Cedric Houston

No. 34
- Position: Running back

Personal information
- Born: June 28, 1982 (age 44) Little Rock, Arkansas, U.S.
- Listed height: 6 ft 0 in (1.83 m)
- Listed weight: 220 lb (100 kg)

Career information
- High school: Clarendon (Clarendon, Arkansas)
- College: Tennessee
- NFL draft: 2005: 6th round, 182nd overall pick

Career history
- New York Jets (2005–2006);

Awards and highlights
- 2× Second-team All-SEC (2003, 2004);

Career NFL statistics
- Rushing attempts: 194
- Rushing yards: 676
- Rushing touchdowns: 7
- Receptions: 15
- Receiving yards: 109
- Stats at Pro Football Reference

= Cedric Houston =

American football player (born 1982)

Cedric Leonard Houston (born June 28, 1982) is an American former professional football player who was a running back in the National Football League (NFL). He was selected by the New York Jets in the sixth round of the 2005 NFL draft. He played college football for the Tennessee Volunteers.

==Early life==
Houston played football, basketball, baseball and track and field while at Clarendon High School in Clarendon, Arkansas. He played in the first ever U.S. Army All-American Bowl on December 30, 2000. He held the Arkansas Activities Association record for career touchdowns with 97 from 2000 to 2022 at Clarendon High.

==College career==
Houston was a three-year starter at the University of Tennessee. He and Gerald Riggs, Jr. became the first players in Volunteers history to both amass 1,000 yards in the same season in 2004. In the 2004 season, he had three games over the 100-yard mark and two games with multiple touchdowns.

==Professional career==

===New York Jets===
The New York Jets selected Houston using their sixth round pick in the 2005 NFL draft. Houston struggled in training camp as a thyroid condition, discovered at the NFL Combine, caused frequent fatigue issues. He was given medication to treat the condition. Heading into the season, Houston served as backup to Curtis Martin and Derrick Blaylock however, Blaylock suffered a broken right foot in October 2005 thus elevating Houston to second on the depth chart. Martin suffered a knee injury that he played through for 10 weeks before Houston replaced him as the starter on December 11. As a rookie, he finished with 81 carries for 302 yards and two touchdowns in the 2005 season.

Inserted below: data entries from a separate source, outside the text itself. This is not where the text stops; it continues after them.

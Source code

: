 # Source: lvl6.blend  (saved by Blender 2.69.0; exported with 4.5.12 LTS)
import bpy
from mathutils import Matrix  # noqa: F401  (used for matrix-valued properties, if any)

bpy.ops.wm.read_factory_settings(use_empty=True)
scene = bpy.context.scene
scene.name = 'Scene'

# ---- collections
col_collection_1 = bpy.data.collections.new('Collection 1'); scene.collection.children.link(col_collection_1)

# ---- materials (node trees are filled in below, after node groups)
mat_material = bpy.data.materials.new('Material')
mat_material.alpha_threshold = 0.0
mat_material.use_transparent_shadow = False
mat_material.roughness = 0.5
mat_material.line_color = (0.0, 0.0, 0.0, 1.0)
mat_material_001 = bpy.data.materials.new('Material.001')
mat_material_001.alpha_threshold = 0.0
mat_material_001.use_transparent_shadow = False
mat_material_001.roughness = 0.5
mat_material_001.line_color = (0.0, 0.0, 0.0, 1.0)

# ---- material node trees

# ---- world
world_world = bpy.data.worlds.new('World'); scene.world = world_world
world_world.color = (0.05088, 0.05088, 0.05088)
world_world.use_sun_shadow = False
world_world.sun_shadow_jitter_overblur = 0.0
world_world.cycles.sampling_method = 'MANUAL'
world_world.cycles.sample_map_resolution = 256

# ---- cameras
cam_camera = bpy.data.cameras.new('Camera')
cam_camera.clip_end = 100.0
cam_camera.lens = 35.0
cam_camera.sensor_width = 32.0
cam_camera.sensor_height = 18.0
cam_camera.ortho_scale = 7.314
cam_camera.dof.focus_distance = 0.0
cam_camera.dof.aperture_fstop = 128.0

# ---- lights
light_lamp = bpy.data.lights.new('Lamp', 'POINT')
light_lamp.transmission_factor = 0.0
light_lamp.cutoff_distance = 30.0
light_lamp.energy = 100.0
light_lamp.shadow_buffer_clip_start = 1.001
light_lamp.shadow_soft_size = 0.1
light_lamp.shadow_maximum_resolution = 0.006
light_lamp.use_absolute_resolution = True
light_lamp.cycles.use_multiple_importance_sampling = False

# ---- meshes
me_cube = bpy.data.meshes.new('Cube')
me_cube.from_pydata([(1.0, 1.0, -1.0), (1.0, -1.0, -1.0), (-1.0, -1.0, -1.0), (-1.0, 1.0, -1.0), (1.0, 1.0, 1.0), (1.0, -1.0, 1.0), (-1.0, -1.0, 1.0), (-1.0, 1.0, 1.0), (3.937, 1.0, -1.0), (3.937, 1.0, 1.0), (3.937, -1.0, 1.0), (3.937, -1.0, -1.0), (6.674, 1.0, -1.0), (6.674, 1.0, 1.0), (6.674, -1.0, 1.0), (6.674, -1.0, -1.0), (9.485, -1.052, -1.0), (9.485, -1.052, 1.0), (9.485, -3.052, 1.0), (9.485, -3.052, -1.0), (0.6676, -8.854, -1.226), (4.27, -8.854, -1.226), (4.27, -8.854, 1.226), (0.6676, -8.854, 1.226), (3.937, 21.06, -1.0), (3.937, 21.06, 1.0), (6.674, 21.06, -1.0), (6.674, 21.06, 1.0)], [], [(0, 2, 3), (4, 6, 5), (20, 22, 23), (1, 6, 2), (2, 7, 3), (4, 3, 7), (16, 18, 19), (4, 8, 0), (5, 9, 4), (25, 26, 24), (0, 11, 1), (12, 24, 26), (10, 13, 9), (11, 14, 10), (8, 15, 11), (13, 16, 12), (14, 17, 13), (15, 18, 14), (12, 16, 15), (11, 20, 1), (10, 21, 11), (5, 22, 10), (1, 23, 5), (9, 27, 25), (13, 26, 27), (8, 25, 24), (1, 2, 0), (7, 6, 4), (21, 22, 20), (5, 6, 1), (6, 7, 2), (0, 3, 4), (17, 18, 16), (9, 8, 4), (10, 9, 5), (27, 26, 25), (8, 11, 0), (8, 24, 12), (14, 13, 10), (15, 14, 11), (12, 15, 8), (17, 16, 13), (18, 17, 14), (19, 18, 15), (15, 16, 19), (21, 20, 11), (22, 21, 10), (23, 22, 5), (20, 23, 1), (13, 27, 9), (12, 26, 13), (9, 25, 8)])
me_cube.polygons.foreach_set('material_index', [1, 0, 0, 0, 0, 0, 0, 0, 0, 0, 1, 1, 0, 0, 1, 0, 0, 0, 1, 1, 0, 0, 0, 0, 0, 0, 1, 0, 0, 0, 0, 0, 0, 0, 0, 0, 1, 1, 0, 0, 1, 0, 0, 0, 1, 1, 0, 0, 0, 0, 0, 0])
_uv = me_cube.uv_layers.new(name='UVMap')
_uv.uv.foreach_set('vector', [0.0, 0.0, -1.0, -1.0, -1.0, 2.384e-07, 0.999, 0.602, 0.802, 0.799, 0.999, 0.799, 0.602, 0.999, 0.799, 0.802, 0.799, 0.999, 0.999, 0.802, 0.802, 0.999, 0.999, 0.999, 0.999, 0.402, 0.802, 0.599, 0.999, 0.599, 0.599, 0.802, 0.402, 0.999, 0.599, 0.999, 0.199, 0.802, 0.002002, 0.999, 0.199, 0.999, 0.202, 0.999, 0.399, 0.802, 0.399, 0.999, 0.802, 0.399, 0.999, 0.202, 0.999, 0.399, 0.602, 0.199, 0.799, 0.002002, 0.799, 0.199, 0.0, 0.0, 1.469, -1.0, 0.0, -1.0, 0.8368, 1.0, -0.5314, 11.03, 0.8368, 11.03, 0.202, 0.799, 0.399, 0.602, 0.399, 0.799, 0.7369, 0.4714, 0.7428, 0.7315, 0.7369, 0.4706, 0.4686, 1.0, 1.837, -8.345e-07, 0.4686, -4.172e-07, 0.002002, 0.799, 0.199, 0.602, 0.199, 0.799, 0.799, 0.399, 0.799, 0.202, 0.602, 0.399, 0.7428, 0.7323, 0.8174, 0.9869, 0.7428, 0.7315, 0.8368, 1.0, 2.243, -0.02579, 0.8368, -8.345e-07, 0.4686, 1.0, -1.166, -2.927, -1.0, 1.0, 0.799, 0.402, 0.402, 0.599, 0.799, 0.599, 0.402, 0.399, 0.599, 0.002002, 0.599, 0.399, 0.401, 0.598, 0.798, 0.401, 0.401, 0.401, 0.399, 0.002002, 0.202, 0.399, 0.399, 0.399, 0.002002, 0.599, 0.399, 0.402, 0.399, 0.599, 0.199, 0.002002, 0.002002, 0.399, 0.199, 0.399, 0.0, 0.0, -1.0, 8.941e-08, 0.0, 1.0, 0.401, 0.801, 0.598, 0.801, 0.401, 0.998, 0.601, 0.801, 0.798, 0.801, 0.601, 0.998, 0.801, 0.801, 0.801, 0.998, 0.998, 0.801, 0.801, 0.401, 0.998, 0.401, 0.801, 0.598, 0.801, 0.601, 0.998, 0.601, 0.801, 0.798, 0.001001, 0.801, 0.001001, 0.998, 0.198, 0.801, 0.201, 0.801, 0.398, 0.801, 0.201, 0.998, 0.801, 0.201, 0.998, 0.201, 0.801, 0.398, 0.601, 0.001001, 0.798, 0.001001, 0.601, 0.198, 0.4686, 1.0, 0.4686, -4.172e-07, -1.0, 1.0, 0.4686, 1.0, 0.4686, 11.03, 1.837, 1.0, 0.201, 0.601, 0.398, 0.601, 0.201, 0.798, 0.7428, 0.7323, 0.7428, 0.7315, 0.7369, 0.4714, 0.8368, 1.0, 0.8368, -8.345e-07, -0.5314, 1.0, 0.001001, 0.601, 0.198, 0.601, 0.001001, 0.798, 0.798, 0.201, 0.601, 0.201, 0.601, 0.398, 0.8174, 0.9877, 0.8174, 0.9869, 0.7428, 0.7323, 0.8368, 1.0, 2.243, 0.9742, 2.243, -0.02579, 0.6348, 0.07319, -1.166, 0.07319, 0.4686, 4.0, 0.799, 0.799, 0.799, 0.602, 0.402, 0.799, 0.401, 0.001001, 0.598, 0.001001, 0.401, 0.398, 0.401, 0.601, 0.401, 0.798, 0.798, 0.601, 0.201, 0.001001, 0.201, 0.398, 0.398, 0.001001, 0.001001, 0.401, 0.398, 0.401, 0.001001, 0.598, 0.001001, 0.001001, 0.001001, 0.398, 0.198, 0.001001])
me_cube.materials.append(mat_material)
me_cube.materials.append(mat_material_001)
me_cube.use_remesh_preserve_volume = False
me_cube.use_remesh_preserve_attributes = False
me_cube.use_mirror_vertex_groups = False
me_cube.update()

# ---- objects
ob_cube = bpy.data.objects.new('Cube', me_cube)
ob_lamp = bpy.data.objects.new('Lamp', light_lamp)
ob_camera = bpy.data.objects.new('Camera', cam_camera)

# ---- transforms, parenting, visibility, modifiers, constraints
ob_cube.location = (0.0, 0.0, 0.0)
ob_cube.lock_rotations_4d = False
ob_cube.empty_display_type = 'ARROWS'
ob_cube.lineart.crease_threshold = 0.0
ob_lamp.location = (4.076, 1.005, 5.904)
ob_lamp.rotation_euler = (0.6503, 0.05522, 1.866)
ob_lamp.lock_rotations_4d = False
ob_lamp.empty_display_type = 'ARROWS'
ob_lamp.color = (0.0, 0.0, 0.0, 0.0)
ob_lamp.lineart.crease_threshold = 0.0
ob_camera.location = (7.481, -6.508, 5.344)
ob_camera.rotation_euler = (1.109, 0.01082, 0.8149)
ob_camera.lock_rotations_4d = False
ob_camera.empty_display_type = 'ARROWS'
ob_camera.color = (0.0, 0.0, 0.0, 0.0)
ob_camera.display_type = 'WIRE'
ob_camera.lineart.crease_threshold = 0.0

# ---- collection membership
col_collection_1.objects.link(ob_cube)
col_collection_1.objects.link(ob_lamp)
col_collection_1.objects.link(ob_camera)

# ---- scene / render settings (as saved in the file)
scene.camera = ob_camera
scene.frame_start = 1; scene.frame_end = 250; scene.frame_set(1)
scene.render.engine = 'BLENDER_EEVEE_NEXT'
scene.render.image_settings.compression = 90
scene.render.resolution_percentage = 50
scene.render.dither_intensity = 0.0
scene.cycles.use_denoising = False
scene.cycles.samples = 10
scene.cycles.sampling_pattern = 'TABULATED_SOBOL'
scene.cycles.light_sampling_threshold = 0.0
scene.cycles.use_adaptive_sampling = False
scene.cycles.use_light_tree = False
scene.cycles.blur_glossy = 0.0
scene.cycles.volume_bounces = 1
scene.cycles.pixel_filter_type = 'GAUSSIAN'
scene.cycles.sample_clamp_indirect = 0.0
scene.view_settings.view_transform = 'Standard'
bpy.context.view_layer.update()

Houston was involved in a car crash in April 2006 sustaining non-life-threatening injuries. He was later released from the hospital. In the 2006 season, he had 113 carries for 374 yards and five touchdowns in eight games and one start.

A day before the start of training camp, on July 26, 2007, Houston left the Jets for what was cited as personal reasons. It was later revealed Houston had decided to quit professional football to return to Tennessee to earn his degree. Houston remained on the Jets' reserve list the entire season and was eventually released on March 11, 2008.